Stored data Start Marker

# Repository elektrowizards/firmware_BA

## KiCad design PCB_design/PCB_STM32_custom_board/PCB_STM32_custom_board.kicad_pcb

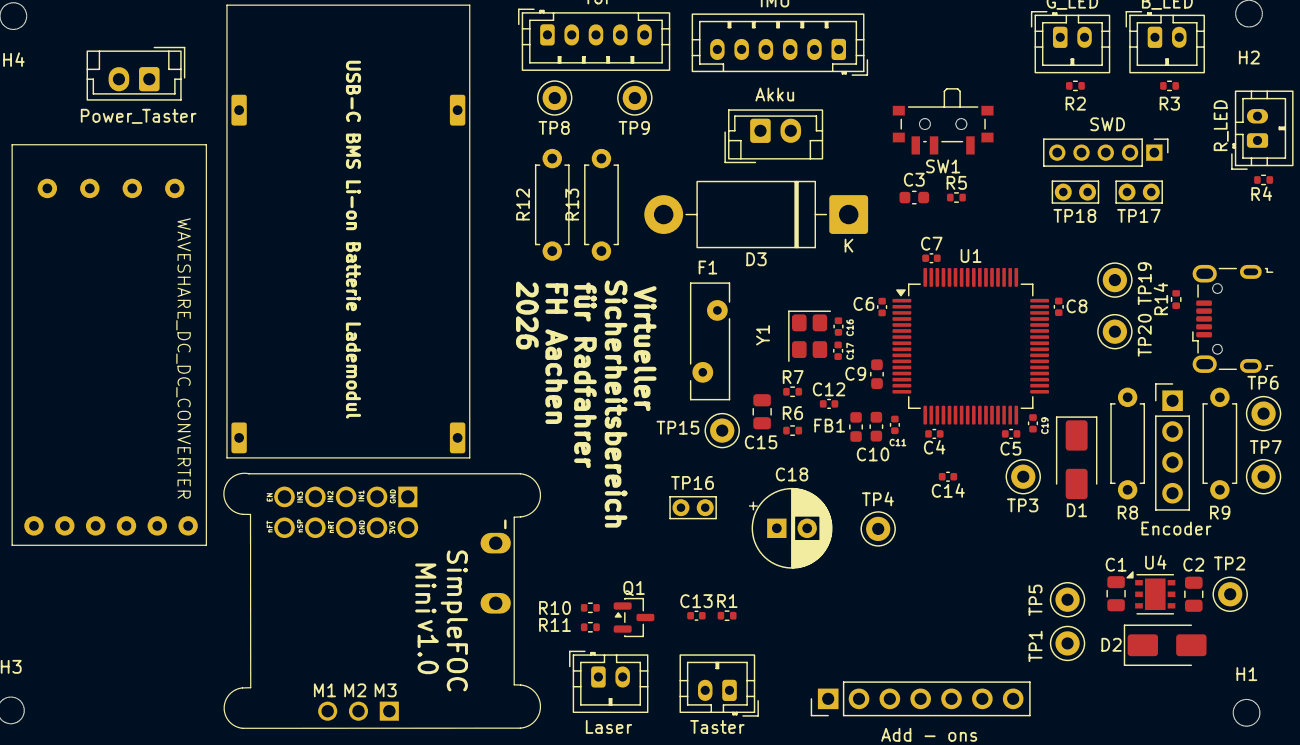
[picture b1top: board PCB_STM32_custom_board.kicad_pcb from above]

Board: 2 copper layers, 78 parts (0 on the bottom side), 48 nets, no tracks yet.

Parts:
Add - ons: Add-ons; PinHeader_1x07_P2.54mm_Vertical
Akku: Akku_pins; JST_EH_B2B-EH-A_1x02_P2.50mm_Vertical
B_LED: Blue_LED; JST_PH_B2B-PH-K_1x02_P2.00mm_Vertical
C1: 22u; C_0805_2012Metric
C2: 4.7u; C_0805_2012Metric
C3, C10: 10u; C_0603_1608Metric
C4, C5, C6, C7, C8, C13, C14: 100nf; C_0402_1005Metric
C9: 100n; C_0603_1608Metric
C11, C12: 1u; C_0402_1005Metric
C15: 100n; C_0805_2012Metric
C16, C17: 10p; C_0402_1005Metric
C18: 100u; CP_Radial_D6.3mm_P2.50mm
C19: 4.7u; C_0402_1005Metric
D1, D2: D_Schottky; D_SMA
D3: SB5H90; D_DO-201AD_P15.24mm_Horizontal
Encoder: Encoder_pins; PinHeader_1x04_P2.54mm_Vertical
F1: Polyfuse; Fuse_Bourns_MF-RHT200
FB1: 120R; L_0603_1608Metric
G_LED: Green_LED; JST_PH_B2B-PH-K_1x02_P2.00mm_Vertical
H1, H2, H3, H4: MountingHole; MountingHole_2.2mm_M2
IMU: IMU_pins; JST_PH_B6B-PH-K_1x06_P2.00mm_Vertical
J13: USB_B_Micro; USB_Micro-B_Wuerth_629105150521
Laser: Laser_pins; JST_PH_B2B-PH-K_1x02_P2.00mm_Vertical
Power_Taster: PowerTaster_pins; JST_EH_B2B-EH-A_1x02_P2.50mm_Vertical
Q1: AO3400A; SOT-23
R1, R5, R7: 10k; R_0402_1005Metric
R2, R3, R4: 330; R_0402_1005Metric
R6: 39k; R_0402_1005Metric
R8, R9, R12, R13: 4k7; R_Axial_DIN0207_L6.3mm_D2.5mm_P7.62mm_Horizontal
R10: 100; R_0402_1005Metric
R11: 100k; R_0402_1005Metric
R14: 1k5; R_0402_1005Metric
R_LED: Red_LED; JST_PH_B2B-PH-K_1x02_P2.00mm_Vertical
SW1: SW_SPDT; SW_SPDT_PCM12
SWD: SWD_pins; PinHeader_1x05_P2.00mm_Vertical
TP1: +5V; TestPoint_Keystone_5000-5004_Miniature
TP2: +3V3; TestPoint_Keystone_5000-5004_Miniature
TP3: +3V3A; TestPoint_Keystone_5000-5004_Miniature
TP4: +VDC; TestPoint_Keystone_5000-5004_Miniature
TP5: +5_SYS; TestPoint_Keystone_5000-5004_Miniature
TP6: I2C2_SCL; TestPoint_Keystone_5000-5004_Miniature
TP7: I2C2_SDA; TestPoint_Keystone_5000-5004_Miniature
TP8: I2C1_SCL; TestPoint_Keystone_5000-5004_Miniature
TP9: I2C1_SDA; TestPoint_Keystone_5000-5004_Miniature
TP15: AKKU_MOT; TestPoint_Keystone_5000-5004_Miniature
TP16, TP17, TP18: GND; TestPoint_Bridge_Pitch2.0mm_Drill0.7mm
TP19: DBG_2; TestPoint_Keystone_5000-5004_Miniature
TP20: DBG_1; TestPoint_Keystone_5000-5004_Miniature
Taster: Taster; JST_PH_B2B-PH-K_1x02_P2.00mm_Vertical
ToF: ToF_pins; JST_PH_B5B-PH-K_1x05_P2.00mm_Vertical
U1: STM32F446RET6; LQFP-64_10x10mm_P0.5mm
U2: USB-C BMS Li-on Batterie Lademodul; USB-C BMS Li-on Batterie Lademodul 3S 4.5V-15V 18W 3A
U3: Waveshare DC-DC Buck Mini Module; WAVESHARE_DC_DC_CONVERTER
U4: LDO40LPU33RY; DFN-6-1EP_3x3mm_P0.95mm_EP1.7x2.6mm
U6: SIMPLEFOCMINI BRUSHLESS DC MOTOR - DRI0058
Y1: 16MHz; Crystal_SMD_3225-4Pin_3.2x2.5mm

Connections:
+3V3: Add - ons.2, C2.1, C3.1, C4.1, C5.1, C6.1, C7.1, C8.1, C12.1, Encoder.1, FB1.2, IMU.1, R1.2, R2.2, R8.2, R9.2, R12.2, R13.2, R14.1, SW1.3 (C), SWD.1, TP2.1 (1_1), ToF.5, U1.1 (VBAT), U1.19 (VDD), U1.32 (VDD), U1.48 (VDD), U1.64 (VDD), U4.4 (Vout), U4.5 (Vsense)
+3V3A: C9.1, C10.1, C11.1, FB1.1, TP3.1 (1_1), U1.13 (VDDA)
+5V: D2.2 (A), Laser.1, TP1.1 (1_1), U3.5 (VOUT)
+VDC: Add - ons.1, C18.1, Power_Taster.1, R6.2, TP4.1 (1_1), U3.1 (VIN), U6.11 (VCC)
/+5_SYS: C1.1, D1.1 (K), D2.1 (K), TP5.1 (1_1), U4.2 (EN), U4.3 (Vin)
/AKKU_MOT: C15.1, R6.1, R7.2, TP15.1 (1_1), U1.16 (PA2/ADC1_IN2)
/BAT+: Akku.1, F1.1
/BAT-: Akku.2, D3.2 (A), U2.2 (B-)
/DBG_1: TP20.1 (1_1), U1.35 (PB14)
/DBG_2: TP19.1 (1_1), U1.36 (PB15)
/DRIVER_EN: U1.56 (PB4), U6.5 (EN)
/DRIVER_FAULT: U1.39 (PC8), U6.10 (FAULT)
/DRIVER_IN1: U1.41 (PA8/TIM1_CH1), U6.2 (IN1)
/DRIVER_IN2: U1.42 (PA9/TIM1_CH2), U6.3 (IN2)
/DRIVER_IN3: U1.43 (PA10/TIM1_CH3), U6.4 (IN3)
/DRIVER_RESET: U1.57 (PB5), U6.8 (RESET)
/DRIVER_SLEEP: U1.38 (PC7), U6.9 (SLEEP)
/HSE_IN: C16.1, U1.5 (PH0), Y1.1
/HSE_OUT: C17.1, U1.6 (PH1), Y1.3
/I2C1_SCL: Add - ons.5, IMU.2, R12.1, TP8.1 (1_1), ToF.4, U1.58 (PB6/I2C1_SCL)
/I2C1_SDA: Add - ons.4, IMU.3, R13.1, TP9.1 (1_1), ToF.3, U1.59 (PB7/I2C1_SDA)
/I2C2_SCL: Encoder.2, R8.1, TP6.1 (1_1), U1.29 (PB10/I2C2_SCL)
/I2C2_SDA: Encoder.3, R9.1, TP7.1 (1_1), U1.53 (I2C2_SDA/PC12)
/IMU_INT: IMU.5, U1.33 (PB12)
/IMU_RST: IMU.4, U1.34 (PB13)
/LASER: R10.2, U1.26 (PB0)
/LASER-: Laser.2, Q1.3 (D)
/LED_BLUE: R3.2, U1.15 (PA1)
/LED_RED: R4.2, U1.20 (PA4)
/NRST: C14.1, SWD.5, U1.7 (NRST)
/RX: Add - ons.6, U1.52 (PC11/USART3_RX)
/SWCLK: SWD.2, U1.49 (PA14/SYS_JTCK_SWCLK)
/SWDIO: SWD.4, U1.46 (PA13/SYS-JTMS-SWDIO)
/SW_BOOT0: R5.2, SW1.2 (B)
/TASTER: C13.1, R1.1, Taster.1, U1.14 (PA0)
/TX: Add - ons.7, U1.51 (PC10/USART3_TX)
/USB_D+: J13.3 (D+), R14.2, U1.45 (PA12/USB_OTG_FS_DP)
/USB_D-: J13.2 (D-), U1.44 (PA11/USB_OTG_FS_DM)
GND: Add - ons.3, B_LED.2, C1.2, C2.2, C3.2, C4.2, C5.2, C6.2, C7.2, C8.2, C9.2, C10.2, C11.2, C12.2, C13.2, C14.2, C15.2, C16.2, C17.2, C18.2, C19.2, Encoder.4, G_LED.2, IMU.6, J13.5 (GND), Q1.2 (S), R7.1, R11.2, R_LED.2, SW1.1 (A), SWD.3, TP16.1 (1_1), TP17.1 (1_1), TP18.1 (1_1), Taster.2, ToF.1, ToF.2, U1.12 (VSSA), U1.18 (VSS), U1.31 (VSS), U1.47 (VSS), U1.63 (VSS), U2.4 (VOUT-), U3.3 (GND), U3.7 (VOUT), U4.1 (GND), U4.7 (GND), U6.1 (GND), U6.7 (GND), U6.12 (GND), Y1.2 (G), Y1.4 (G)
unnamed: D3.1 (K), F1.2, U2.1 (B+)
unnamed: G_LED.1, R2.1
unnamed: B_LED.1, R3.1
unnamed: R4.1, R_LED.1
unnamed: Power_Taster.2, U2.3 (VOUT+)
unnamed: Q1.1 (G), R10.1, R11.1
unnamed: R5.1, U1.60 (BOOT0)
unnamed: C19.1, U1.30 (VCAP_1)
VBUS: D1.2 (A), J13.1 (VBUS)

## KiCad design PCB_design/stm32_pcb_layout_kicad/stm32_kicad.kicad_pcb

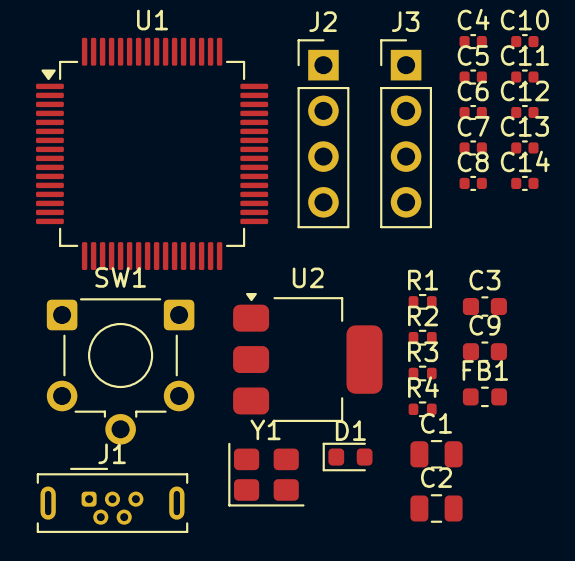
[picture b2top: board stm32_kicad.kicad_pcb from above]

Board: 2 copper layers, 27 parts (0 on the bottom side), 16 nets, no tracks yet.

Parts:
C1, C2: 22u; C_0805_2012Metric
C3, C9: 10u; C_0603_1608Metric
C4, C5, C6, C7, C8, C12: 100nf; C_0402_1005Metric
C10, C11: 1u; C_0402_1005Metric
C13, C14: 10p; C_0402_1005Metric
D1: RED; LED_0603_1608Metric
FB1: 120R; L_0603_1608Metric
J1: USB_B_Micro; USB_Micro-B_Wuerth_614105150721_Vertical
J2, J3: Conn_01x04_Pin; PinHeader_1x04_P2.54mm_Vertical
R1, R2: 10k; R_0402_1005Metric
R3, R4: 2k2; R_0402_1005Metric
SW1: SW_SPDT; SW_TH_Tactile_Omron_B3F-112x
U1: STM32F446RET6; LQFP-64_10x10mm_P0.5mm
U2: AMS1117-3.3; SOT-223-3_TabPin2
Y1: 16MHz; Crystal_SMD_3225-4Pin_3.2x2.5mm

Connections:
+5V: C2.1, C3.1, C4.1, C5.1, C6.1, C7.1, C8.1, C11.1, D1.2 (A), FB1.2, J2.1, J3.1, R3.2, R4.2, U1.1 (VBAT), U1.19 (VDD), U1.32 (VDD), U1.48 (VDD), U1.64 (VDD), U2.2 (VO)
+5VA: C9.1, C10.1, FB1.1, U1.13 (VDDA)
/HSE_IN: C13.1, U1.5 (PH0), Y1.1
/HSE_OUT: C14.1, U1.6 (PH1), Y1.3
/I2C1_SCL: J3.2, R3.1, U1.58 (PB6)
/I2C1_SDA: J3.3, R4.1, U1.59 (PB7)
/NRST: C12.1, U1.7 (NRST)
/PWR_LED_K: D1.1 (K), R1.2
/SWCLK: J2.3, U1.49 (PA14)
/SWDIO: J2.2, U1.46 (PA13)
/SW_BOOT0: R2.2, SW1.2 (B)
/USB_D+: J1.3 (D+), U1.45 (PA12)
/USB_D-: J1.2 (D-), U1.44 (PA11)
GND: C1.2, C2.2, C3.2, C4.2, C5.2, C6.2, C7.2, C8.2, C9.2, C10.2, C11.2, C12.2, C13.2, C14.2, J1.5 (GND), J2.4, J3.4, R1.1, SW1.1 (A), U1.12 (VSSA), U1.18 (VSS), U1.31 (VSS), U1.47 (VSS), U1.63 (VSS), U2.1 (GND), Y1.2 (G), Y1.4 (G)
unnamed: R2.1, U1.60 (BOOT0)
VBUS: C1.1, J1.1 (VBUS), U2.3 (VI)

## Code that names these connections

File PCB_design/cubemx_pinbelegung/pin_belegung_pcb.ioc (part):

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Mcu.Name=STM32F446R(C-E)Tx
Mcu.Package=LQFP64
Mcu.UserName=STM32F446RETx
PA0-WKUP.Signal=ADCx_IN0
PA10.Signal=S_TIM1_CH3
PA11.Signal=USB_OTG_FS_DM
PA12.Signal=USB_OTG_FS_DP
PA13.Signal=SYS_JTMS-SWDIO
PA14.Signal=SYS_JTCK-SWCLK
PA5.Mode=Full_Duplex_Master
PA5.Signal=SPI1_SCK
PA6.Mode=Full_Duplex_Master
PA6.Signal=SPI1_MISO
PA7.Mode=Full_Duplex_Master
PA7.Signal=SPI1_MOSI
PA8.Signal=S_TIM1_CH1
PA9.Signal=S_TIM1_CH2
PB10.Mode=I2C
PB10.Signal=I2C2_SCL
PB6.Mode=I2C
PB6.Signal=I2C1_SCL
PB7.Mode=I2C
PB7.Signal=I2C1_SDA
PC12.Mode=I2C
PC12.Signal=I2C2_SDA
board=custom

Stored data End Marker

Problem statement:
In how many lines of the data above does the word "Mode" occur? Only the number is wanted.

Solution:
7